3.3 Trial with existing tools¶
In the second part of the experiment I verified to what extent existing tools can cover the checklist when deployed directly against the same GitLab project. I included GitLab Analytics, the Danger4 tool with the rules description-required, linked-issue and tests-changed, and the built-in coverage report that GitLab makes available in the pipeline. I deliberately excluded Artemis and CodeGrade from this part because they require their own infrastructure and submitted code, which is incompatible with the SEF working model.
GitLab Analytics confirmed the finding from the analysis chapter: it provides aggregate charts of commits and merge requests, but does not let the teacher answer whether a particular student fulfilled a rule. The statistics are also bound to a single project, so with more than a dozen project repositories across both observed courses the teacher would have to walk through dozens of separate screens.
Danger surprisingly covered well the part of the rules that can be expressed in JavaScript at merge-request opening time. The script successfully identified merge requests without descriptions, without linked issues, and changes that did not add any test files. The tool, however, works only at the level of a single merge request - it cannot answer whether a student as a whole fulfilled at least one author and two review activities during the semester. When attempting to extend the rule to detect fast approvals (a request approved within tens of seconds of being opened), a custom script calling the API outside Danger was required, which negated the benefit of using it.
The built-in coverage report worked technically correctly, but it requires every team to configure it separately in the pipeline, which would mean centrally maintaining a template across all project repositories. This element will therefore make sense to handle centrally on the side of the proposed tool rather than leave the configuration to teams - which matches the recommendation of Sadowski et al. 2 that a centrally scaled tooling platform is more stable than delegating configuration to teams.
3.4 Conclusions from the experiment¶
The empirical exploration confirmed two key starting points for the design of my own solution. The first is technical feasibility: the required dataset is available through a combination of webhooks and the REST API, and acquiring it does not require any change on the side of the GitLab installation on which the projects already run. The second is the inadequacy of partial tools: none of the examined tools provides an aggregated view across teams, and none covers the qualitative aspect of review communication.
These observations lead to three design decisions that I elaborate in detail in the next chapter.
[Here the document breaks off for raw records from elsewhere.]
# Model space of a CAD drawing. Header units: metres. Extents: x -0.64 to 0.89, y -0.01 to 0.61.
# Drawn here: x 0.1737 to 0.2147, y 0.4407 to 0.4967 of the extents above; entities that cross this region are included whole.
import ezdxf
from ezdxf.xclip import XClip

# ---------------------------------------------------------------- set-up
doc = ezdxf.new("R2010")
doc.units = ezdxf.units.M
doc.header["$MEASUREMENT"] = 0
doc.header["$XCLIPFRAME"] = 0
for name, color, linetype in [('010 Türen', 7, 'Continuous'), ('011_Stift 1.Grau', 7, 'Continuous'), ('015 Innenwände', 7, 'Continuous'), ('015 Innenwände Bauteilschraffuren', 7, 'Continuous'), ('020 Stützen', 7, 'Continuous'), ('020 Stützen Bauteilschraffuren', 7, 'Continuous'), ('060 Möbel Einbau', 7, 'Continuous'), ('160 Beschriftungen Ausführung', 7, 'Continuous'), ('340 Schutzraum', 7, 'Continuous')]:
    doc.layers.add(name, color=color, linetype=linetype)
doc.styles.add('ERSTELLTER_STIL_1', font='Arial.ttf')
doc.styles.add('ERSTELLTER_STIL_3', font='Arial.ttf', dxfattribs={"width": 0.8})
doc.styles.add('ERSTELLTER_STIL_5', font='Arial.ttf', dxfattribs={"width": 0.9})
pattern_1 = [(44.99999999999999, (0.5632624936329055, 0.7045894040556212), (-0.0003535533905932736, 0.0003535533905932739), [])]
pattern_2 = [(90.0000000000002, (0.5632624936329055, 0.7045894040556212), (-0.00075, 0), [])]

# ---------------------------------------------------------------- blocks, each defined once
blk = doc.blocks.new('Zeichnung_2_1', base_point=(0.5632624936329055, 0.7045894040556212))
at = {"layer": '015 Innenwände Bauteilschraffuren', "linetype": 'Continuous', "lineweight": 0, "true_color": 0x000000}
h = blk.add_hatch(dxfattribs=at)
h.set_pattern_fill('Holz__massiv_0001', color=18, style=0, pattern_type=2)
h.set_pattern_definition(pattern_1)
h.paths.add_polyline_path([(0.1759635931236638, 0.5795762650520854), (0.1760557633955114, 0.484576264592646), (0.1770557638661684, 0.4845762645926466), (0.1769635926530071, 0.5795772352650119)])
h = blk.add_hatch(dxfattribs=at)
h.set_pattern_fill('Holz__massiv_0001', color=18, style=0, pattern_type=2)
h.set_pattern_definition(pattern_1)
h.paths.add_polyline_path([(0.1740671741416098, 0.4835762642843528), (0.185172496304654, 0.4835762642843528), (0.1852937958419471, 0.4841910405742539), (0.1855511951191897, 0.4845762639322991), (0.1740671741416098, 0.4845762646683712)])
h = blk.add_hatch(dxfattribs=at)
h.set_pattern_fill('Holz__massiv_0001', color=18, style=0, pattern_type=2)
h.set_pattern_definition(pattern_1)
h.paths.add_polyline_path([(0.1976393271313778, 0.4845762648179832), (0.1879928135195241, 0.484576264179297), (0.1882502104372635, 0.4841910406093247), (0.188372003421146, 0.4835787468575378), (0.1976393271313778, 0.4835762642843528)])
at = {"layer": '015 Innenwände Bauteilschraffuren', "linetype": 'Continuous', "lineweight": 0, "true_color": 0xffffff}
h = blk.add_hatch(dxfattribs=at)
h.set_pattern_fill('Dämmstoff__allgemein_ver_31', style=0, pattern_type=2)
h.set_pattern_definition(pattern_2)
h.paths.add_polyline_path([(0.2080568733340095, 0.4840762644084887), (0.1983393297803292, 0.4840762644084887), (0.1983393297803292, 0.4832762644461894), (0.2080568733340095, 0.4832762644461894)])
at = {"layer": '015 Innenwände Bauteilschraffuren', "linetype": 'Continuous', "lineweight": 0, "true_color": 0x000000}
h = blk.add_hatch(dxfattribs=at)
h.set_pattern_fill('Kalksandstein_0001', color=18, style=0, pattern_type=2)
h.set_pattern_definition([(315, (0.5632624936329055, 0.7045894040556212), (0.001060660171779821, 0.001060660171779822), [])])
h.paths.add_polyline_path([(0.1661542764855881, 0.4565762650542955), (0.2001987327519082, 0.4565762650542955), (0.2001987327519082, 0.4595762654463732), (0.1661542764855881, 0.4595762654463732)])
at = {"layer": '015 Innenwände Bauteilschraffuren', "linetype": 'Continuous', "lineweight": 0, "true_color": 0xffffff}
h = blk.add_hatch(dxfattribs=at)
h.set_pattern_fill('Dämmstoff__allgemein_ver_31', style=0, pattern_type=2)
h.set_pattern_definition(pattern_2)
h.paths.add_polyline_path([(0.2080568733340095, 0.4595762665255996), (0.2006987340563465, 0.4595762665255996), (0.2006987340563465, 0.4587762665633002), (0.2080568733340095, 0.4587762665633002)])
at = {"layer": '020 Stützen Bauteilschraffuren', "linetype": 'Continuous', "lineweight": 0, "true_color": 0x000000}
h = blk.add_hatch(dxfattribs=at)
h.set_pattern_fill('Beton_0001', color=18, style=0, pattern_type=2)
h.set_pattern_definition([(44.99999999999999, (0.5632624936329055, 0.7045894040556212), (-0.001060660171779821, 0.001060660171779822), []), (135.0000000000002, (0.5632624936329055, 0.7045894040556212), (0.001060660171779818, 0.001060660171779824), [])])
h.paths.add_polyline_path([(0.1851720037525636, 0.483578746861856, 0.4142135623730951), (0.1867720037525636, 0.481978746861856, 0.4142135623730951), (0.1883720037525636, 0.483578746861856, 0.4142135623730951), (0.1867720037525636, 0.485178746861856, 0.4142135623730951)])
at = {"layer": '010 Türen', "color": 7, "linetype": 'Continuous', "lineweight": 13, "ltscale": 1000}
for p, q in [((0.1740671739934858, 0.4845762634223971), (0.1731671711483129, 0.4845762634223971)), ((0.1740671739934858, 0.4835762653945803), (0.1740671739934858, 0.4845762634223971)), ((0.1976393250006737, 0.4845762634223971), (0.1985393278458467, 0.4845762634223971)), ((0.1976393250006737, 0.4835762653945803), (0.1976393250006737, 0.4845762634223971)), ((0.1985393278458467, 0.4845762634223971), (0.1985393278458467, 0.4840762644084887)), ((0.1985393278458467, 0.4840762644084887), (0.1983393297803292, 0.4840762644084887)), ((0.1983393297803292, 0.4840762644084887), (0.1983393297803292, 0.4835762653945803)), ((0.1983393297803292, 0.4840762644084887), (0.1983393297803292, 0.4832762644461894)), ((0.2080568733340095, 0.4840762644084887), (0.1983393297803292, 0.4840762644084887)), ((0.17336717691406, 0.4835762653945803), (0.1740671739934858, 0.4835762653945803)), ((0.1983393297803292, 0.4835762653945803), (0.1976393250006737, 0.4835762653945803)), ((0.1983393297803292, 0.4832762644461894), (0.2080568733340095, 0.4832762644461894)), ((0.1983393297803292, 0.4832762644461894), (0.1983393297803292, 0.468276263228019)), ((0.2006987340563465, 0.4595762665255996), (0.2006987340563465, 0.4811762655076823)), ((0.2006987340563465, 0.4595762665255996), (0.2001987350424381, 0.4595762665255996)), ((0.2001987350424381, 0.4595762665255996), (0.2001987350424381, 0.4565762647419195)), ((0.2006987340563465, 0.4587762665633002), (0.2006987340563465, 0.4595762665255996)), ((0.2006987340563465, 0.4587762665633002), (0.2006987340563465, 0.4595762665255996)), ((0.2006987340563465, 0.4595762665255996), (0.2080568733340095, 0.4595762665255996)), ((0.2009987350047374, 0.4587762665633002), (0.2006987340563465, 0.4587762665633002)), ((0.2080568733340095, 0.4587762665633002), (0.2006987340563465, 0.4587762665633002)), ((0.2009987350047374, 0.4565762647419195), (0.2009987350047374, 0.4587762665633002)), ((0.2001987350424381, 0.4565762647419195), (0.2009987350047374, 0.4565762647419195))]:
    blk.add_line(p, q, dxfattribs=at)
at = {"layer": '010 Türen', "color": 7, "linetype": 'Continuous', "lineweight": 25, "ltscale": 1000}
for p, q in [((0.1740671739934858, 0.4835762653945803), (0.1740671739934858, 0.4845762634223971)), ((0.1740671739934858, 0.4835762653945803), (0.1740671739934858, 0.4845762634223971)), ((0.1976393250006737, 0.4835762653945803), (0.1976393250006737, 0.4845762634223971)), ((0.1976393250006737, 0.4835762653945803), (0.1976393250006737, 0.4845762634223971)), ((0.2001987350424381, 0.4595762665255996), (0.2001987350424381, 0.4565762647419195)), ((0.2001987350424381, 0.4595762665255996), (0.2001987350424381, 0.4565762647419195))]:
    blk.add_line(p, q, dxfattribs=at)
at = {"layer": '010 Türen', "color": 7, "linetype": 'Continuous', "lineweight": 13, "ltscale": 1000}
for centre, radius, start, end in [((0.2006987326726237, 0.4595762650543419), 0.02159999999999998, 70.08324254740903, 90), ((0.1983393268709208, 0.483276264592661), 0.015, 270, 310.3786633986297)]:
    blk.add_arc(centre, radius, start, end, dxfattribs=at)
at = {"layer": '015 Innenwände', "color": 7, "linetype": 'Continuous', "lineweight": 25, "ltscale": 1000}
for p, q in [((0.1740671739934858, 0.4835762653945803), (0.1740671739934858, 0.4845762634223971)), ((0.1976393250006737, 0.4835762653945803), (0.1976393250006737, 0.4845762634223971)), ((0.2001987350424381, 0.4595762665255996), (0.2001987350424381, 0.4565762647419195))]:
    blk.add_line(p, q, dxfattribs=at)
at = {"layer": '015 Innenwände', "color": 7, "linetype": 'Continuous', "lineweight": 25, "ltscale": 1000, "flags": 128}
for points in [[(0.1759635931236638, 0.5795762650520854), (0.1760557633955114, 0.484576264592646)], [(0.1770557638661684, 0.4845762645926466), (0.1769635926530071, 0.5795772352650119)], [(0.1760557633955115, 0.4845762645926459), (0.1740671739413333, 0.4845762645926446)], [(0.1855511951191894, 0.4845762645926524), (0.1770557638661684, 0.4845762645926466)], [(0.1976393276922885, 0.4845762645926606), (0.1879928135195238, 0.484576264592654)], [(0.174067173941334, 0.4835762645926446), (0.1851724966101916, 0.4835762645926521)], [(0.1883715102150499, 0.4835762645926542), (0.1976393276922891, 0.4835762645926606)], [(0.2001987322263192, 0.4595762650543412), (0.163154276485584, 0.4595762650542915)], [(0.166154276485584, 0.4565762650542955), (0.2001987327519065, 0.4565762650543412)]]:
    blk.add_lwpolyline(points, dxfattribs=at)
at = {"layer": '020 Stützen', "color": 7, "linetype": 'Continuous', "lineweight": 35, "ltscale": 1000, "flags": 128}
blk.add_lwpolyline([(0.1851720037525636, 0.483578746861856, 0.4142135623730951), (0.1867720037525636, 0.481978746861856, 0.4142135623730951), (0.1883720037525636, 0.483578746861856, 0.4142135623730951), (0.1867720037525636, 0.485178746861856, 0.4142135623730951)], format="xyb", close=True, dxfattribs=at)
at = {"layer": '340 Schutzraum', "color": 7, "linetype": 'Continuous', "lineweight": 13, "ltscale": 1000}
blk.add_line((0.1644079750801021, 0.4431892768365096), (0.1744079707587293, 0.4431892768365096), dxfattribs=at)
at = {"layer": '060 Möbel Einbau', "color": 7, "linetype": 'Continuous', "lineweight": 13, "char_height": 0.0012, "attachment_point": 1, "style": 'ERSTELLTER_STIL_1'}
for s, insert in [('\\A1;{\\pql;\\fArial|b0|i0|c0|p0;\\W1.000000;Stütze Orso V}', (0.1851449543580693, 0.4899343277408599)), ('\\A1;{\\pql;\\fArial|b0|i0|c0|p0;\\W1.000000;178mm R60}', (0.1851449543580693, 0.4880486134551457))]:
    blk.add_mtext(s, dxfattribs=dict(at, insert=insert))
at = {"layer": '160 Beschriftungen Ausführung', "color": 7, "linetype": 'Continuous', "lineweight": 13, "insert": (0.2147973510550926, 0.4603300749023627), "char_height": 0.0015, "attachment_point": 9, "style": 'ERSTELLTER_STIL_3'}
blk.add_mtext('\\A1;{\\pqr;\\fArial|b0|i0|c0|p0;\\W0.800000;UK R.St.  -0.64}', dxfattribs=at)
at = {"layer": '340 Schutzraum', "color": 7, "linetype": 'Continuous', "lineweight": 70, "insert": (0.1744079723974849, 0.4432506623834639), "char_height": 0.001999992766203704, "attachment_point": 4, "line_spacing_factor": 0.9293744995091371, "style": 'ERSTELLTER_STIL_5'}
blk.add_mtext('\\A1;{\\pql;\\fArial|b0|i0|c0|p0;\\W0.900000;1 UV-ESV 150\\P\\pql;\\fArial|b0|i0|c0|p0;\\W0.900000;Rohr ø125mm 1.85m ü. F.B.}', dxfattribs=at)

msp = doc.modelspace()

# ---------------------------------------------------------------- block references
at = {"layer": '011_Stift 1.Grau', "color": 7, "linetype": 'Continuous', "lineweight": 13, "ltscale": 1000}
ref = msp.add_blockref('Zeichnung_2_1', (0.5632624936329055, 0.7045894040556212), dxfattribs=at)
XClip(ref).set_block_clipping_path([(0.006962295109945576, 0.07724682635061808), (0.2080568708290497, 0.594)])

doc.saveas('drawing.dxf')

The solution will be an event-driven system receiving GitLab webhooks and enriching them with REST calls. Assessment will work at the level of an individual student over the whole semester, not at the level of a single merge request. Finally, the qualitative aspect of review communication will be assessed by an additional heuristic, whose result will be presented to the teacher as a suggestion rather than a final decision. This way pedagogical responsibility remains with the teacher and the solution stays in line with the principle that the tool is meant to relieve the teacher, not replace them.